● Your goal:
For the entries that follow, restate word for word the line containing "PoolIirTunableWithReset : $bdroot/PoolIirTunableWithReset", the line containing "Function-Call Generator/1 -> PoolIirTunableWithReset/2", and every line that lies between them.

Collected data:
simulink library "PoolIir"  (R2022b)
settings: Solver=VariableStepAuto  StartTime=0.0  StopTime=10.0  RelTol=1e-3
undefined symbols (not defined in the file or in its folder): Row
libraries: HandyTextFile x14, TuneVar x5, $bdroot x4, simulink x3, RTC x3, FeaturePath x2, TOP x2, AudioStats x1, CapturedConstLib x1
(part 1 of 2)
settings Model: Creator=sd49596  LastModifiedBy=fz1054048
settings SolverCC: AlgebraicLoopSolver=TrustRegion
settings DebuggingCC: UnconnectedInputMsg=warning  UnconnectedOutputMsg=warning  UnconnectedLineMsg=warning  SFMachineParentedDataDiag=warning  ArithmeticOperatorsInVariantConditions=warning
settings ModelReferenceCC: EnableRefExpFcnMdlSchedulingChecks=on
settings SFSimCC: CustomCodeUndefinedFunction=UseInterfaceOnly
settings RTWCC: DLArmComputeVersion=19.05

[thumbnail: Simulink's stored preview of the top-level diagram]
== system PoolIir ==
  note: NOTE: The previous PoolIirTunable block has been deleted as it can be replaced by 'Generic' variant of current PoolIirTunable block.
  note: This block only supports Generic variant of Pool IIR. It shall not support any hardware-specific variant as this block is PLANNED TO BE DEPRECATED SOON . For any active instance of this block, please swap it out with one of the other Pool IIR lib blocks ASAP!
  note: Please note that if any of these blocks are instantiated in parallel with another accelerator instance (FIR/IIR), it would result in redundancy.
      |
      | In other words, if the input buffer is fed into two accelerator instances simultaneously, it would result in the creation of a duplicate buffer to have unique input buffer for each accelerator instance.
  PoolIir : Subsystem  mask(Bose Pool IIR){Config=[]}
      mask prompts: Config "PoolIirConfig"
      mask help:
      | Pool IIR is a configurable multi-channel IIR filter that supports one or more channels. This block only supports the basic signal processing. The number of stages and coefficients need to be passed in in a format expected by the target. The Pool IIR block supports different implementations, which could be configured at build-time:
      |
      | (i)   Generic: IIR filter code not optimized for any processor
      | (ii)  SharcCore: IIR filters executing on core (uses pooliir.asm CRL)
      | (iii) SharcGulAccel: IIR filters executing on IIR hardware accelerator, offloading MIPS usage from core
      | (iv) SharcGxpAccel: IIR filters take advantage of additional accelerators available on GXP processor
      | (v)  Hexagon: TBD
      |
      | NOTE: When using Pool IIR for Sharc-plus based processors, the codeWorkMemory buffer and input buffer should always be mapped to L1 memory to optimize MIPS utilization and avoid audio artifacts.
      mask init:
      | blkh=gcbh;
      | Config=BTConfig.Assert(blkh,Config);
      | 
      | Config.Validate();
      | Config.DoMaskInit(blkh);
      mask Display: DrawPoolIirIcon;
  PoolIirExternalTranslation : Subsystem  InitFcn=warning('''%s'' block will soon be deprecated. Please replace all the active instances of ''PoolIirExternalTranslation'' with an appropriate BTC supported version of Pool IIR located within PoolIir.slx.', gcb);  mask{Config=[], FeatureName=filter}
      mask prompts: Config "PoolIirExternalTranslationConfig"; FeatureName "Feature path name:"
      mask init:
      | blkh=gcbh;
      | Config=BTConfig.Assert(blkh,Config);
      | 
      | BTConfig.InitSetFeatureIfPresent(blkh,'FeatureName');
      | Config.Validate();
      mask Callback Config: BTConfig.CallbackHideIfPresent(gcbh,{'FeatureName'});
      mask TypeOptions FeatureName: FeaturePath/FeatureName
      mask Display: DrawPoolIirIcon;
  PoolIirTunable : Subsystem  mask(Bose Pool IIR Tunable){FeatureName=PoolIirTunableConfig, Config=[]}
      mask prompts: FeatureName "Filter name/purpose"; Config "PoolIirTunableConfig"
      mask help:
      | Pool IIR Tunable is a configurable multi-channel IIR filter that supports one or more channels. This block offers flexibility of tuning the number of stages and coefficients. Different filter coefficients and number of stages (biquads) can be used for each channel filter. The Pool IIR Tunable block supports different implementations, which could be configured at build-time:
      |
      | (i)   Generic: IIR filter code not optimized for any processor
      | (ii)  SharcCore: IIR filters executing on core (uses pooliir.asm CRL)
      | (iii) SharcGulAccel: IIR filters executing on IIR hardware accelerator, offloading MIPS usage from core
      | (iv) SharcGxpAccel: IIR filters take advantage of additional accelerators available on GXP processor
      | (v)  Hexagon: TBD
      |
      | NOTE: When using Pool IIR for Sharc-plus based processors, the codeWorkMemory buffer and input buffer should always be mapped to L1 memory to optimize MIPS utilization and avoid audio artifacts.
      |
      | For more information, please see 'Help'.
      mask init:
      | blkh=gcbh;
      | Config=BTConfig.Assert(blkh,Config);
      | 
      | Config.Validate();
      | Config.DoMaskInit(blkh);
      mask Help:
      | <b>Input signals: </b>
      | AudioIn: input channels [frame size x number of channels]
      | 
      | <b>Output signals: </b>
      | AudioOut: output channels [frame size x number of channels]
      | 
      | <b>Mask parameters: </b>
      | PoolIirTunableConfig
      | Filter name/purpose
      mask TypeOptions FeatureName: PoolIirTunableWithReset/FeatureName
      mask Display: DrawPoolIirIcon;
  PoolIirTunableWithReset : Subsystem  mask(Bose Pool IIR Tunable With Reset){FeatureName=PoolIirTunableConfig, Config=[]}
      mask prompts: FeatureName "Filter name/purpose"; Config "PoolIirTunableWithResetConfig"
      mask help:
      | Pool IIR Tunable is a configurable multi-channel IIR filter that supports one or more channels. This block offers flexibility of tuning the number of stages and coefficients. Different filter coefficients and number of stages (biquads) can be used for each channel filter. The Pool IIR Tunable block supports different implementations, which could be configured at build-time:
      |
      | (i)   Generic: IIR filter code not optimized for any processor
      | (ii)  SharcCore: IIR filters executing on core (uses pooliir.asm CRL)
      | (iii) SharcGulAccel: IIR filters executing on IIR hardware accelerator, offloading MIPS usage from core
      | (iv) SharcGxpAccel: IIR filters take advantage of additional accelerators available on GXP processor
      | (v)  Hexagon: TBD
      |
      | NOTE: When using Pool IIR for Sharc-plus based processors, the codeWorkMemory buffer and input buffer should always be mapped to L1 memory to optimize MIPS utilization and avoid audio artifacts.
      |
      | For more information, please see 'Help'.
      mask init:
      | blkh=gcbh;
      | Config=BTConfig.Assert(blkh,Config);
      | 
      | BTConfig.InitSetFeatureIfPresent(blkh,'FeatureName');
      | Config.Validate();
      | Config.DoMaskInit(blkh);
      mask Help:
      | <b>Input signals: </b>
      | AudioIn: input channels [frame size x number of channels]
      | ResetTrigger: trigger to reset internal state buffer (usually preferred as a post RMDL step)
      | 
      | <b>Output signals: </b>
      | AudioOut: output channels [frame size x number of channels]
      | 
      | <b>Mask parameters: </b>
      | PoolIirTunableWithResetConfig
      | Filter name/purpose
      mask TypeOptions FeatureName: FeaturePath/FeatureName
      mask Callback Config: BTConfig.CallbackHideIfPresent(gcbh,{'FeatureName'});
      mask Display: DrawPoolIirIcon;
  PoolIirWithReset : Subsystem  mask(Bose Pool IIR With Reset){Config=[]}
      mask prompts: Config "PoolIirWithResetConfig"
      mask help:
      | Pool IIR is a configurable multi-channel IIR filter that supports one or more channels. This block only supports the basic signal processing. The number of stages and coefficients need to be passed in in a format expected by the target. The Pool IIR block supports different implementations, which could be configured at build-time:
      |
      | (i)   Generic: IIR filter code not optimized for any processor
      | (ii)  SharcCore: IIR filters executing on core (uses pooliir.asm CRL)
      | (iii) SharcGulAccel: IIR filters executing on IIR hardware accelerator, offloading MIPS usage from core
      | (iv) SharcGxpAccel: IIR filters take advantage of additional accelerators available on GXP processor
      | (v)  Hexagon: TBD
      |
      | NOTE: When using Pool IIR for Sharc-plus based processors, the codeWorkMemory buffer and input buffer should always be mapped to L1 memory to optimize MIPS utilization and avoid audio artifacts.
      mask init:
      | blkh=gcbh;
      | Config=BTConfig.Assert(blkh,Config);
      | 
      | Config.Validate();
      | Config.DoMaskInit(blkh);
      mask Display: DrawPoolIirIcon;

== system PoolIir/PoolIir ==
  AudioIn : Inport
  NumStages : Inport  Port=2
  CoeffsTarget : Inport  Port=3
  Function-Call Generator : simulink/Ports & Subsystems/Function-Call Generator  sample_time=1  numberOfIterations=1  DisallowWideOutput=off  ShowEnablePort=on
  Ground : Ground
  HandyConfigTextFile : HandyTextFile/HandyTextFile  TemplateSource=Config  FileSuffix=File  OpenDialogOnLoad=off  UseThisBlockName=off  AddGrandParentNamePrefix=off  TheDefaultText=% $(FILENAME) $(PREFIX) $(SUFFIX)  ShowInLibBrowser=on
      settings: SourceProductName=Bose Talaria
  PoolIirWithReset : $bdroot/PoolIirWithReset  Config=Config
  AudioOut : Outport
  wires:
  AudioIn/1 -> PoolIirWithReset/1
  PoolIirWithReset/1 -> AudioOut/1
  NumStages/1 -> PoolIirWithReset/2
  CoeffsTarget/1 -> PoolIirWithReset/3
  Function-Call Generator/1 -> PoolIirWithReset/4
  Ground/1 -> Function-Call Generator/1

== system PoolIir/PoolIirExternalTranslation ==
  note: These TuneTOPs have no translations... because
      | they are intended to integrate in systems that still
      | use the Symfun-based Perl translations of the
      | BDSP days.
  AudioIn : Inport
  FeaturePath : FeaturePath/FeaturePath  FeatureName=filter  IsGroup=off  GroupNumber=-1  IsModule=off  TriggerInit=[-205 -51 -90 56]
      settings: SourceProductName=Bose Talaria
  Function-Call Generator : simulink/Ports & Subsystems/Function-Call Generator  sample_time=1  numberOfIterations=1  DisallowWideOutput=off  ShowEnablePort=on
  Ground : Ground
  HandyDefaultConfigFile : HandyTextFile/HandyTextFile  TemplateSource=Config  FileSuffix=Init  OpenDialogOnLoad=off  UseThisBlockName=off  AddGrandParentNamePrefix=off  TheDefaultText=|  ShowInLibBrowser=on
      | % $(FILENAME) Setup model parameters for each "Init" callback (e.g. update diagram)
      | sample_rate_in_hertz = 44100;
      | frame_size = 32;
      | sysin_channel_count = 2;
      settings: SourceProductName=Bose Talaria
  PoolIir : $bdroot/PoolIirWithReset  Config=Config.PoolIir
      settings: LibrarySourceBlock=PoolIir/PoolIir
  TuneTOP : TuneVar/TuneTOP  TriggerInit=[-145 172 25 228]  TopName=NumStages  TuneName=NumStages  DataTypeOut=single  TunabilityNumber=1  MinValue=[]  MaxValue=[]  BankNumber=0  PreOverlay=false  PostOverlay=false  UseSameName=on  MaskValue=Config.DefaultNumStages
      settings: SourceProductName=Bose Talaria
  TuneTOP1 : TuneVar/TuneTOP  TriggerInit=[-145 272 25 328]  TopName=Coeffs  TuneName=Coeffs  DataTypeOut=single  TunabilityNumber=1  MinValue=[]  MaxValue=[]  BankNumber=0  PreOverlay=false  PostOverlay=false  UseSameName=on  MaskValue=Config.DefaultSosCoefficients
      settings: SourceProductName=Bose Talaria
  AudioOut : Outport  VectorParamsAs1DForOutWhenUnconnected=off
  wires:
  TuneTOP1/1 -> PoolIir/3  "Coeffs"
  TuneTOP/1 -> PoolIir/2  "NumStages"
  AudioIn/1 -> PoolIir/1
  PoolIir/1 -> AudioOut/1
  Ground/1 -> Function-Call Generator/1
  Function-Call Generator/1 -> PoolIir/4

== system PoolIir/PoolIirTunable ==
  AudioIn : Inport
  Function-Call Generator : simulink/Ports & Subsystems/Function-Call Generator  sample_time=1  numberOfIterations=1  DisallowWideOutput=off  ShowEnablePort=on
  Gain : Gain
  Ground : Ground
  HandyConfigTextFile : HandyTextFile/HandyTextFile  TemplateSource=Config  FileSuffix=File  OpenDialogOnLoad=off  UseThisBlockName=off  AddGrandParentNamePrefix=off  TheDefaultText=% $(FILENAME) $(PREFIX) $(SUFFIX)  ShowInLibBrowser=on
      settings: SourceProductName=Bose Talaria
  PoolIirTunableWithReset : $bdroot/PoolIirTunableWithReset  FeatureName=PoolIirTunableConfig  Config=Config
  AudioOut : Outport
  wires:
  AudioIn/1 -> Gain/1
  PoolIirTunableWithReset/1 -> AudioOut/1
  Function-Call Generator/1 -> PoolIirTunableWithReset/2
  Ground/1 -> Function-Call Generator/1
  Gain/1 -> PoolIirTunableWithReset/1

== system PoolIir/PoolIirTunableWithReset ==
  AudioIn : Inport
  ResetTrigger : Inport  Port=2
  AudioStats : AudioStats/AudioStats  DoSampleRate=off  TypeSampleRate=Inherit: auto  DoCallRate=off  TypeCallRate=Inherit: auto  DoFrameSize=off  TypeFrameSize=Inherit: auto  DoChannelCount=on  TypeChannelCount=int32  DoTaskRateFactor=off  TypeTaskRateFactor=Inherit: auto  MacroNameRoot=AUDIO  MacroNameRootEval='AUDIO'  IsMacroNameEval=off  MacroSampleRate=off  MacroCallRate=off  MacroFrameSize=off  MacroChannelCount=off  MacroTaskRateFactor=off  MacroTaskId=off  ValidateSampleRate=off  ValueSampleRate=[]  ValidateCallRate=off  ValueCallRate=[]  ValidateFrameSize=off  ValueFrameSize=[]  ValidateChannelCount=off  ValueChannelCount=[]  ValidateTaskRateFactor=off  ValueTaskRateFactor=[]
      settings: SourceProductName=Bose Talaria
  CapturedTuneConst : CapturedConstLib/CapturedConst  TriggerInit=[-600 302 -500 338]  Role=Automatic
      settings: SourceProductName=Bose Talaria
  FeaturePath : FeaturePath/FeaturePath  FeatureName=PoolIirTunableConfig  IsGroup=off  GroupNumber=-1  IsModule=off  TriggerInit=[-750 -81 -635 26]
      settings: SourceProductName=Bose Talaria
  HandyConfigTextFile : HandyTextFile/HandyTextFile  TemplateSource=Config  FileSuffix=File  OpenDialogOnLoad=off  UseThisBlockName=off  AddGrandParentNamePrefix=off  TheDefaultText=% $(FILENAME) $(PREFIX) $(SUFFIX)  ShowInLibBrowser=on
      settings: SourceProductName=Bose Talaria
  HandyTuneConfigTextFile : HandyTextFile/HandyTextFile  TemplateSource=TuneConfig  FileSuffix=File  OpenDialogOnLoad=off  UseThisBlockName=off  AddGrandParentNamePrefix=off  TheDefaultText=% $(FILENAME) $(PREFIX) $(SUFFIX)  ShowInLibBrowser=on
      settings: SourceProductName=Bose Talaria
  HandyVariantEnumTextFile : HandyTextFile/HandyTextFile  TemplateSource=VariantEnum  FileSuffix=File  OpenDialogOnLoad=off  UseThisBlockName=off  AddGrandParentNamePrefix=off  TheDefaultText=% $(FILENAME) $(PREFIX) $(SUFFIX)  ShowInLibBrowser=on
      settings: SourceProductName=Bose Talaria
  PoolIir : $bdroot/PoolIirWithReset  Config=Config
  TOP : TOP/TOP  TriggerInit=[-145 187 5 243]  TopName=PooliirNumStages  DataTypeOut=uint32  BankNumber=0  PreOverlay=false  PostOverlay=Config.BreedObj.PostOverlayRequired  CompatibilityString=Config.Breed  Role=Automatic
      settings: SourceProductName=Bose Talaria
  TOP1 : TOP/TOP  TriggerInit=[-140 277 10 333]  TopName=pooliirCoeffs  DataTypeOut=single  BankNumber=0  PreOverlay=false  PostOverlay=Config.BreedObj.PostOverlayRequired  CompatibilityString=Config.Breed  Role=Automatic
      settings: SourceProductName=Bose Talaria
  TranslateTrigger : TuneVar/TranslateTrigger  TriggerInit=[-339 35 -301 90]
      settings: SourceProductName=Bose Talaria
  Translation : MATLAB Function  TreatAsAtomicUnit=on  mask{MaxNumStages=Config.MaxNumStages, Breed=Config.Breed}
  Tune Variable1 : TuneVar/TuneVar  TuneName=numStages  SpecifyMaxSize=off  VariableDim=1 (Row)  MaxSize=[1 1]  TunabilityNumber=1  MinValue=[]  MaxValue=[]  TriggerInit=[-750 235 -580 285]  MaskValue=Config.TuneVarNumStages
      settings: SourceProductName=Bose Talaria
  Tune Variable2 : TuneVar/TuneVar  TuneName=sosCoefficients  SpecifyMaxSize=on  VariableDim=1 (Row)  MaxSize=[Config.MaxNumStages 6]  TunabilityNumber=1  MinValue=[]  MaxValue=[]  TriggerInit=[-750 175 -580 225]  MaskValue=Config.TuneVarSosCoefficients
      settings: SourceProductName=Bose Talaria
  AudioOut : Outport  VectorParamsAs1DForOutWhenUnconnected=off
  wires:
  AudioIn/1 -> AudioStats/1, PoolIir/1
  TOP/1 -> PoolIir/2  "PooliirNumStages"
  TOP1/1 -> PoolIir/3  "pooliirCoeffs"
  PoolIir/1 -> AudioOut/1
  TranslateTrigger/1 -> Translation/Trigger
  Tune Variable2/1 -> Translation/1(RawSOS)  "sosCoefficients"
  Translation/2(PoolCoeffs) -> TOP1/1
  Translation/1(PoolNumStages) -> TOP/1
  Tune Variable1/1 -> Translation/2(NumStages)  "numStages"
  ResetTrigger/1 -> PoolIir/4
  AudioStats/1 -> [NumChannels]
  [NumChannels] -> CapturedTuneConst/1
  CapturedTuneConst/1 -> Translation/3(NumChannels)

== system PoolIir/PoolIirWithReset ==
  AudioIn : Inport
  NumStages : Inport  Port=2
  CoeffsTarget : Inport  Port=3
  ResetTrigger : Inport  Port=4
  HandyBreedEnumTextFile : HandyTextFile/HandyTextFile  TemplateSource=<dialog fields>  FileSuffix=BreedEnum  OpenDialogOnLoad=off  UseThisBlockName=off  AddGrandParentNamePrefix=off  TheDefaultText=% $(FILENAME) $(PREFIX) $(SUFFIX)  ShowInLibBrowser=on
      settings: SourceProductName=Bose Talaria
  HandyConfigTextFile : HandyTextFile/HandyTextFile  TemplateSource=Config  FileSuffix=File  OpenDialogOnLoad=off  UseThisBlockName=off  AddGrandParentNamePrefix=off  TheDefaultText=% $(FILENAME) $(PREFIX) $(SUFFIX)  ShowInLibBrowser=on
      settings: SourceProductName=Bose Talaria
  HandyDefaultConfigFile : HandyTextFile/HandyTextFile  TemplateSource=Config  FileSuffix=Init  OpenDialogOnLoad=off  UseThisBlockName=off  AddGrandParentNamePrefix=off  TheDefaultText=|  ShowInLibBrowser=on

● Exercise answer:
  PoolIirTunableWithReset : $bdroot/PoolIirTunableWithReset  FeatureName=PoolIirTunableConfig  Config=Config
  AudioOut : Outport
  wires:
  AudioIn/1 -> Gain/1
  PoolIirTunableWithReset/1 -> AudioOut/1
  Function-Call Generator/1 -> PoolIirTunableWithReset/2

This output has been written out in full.